Stored entries:

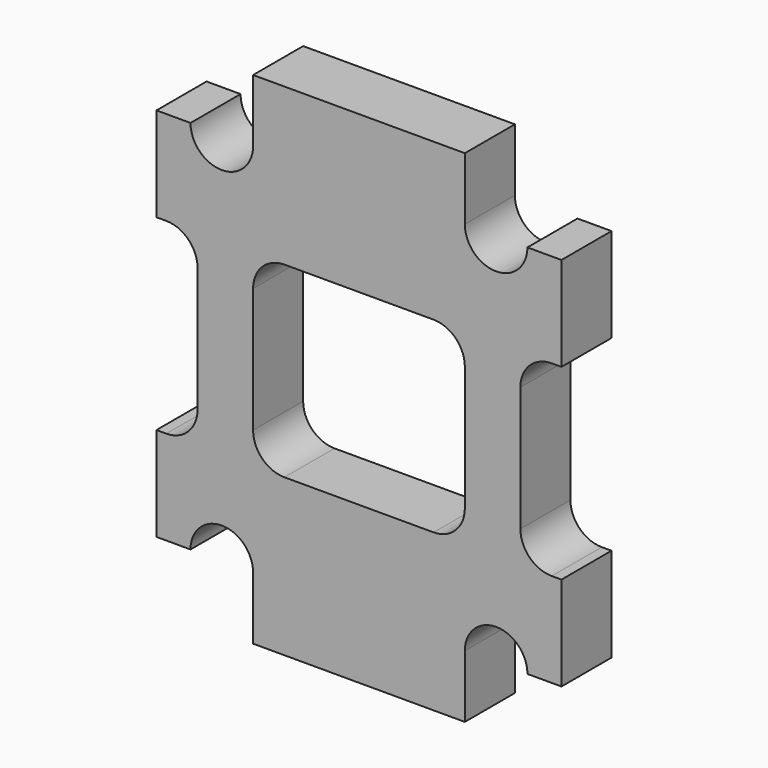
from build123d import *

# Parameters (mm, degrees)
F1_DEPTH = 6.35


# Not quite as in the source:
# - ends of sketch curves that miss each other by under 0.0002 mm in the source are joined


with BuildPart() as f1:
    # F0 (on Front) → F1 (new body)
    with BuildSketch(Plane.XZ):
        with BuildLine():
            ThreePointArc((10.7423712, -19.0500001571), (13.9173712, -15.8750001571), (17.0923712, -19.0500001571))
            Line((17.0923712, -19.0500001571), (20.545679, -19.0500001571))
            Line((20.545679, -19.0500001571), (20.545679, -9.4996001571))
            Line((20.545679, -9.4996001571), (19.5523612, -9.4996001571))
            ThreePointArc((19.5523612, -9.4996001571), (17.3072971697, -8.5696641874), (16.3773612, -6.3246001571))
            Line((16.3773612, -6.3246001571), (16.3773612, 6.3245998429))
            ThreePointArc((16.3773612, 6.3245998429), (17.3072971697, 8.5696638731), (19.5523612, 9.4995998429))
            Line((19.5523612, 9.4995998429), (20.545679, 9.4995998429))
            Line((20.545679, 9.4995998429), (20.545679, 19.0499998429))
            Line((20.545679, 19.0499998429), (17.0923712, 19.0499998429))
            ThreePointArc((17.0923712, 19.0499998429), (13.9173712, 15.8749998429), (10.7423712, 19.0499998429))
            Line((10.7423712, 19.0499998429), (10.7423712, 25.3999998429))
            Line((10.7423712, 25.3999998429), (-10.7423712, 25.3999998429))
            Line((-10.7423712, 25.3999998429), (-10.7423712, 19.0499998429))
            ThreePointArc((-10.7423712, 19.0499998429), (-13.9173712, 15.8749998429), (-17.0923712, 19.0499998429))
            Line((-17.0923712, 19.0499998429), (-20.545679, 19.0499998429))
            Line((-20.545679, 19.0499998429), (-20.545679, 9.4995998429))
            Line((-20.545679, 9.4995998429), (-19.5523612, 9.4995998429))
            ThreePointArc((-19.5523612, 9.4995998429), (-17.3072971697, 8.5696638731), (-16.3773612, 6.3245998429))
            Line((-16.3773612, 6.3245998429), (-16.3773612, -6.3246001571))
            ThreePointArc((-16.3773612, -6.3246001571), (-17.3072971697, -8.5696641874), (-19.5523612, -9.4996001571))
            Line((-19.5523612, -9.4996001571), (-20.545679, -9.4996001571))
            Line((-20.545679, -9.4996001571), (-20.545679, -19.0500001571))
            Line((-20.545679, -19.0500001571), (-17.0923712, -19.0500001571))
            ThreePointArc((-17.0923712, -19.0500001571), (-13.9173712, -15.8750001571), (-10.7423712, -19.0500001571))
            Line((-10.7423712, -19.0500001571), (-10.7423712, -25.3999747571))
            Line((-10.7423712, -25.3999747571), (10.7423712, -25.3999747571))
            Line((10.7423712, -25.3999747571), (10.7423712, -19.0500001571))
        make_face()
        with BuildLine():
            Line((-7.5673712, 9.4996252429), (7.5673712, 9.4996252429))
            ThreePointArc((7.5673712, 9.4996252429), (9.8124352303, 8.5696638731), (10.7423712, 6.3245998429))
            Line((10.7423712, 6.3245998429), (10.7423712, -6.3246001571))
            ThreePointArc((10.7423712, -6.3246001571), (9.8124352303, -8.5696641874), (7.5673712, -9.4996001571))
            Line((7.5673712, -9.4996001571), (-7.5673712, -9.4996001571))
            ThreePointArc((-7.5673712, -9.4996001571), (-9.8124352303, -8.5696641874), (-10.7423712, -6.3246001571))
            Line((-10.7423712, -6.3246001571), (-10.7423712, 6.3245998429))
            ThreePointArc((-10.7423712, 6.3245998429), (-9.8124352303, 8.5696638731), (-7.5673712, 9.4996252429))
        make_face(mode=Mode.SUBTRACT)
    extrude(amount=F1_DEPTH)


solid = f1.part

# To do
Please return the entries above exactly as they appear, but without the pictures.

# Solution to this exercise
from build123d import *

# Parameters (mm, degrees)
F1_DEPTH = 6.35


# Not quite as in the source:
# - ends of sketch curves that miss each other by under 0.0002 mm in the source are joined


with BuildPart() as f1:
    # F0 (on Front) → F1 (new body)
    with BuildSketch(Plane.XZ):
        with BuildLine():
            ThreePointArc((10.7423712, -19.0500001571), (13.9173712, -15.8750001571), (17.0923712, -19.0500001571))
            Line((17.0923712, -19.0500001571), (20.545679, -19.0500001571))
            Line((20.545679, -19.0500001571), (20.545679, -9.4996001571))
            Line((20.545679, -9.4996001571), (19.5523612, -9.4996001571))
            ThreePointArc((19.5523612, -9.4996001571), (17.3072971697, -8.5696641874), (16.3773612, -6.3246001571))
            Line((16.3773612, -6.3246001571), (16.3773612, 6.3245998429))
            ThreePointArc((16.3773612, 6.3245998429), (17.3072971697, 8.5696638731), (19.5523612, 9.4995998429))
            Line((19.5523612, 9.4995998429), (20.545679, 9.4995998429))
            Line((20.545679, 9.4995998429), (20.545679, 19.0499998429))
            Line((20.545679, 19.0499998429), (17.0923712, 19.0499998429))
            ThreePointArc((17.0923712, 19.0499998429), (13.9173712, 15.8749998429), (10.7423712, 19.0499998429))
            Line((10.7423712, 19.0499998429), (10.7423712, 25.3999998429))
            Line((10.7423712, 25.3999998429), (-10.7423712, 25.3999998429))
            Line((-10.7423712, 25.3999998429), (-10.7423712, 19.0499998429))
            ThreePointArc((-10.7423712, 19.0499998429), (-13.9173712, 15.8749998429), (-17.0923712, 19.0499998429))
            Line((-17.0923712, 19.0499998429), (-20.545679, 19.0499998429))
            Line((-20.545679, 19.0499998429), (-20.545679, 9.4995998429))
            Line((-20.545679, 9.4995998429), (-19.5523612, 9.4995998429))
            ThreePointArc((-19.5523612, 9.4995998429), (-17.3072971697, 8.5696638731), (-16.3773612, 6.3245998429))
            Line((-16.3773612, 6.3245998429), (-16.3773612, -6.3246001571))
            ThreePointArc((-16.3773612, -6.3246001571), (-17.3072971697, -8.5696641874), (-19.5523612, -9.4996001571))
            Line((-19.5523612, -9.4996001571), (-20.545679, -9.4996001571))
            Line((-20.545679, -9.4996001571), (-20.545679, -19.0500001571))
            Line((-20.545679, -19.0500001571), (-17.0923712, -19.0500001571))
            ThreePointArc((-17.0923712, -19.0500001571), (-13.9173712, -15.8750001571), (-10.7423712, -19.0500001571))
            Line((-10.7423712, -19.0500001571), (-10.7423712, -25.3999747571))
            Line((-10.7423712, -25.3999747571), (10.7423712, -25.3999747571))
            Line((10.7423712, -25.3999747571), (10.7423712, -19.0500001571))
        make_face()
        with BuildLine():
            Line((-7.5673712, 9.4996252429), (7.5673712, 9.4996252429))
            ThreePointArc((7.5673712, 9.4996252429), (9.8124352303, 8.5696638731), (10.7423712, 6.3245998429))
            Line((10.7423712, 6.3245998429), (10.7423712, -6.3246001571))
            ThreePointArc((10.7423712, -6.3246001571), (9.8124352303, -8.5696641874), (7.5673712, -9.4996001571))
            Line((7.5673712, -9.4996001571), (-7.5673712, -9.4996001571))
            ThreePointArc((-7.5673712, -9.4996001571), (-9.8124352303, -8.5696641874), (-10.7423712, -6.3246001571))
            Line((-10.7423712, -6.3246001571), (-10.7423712, 6.3245998429))
            ThreePointArc((-10.7423712, 6.3245998429), (-9.8124352303, 8.5696638731), (-7.5673712, 9.4996252429))
        make_face(mode=Mode.SUBTRACT)
    extrude(amount=F1_DEPTH)


solid = f1.part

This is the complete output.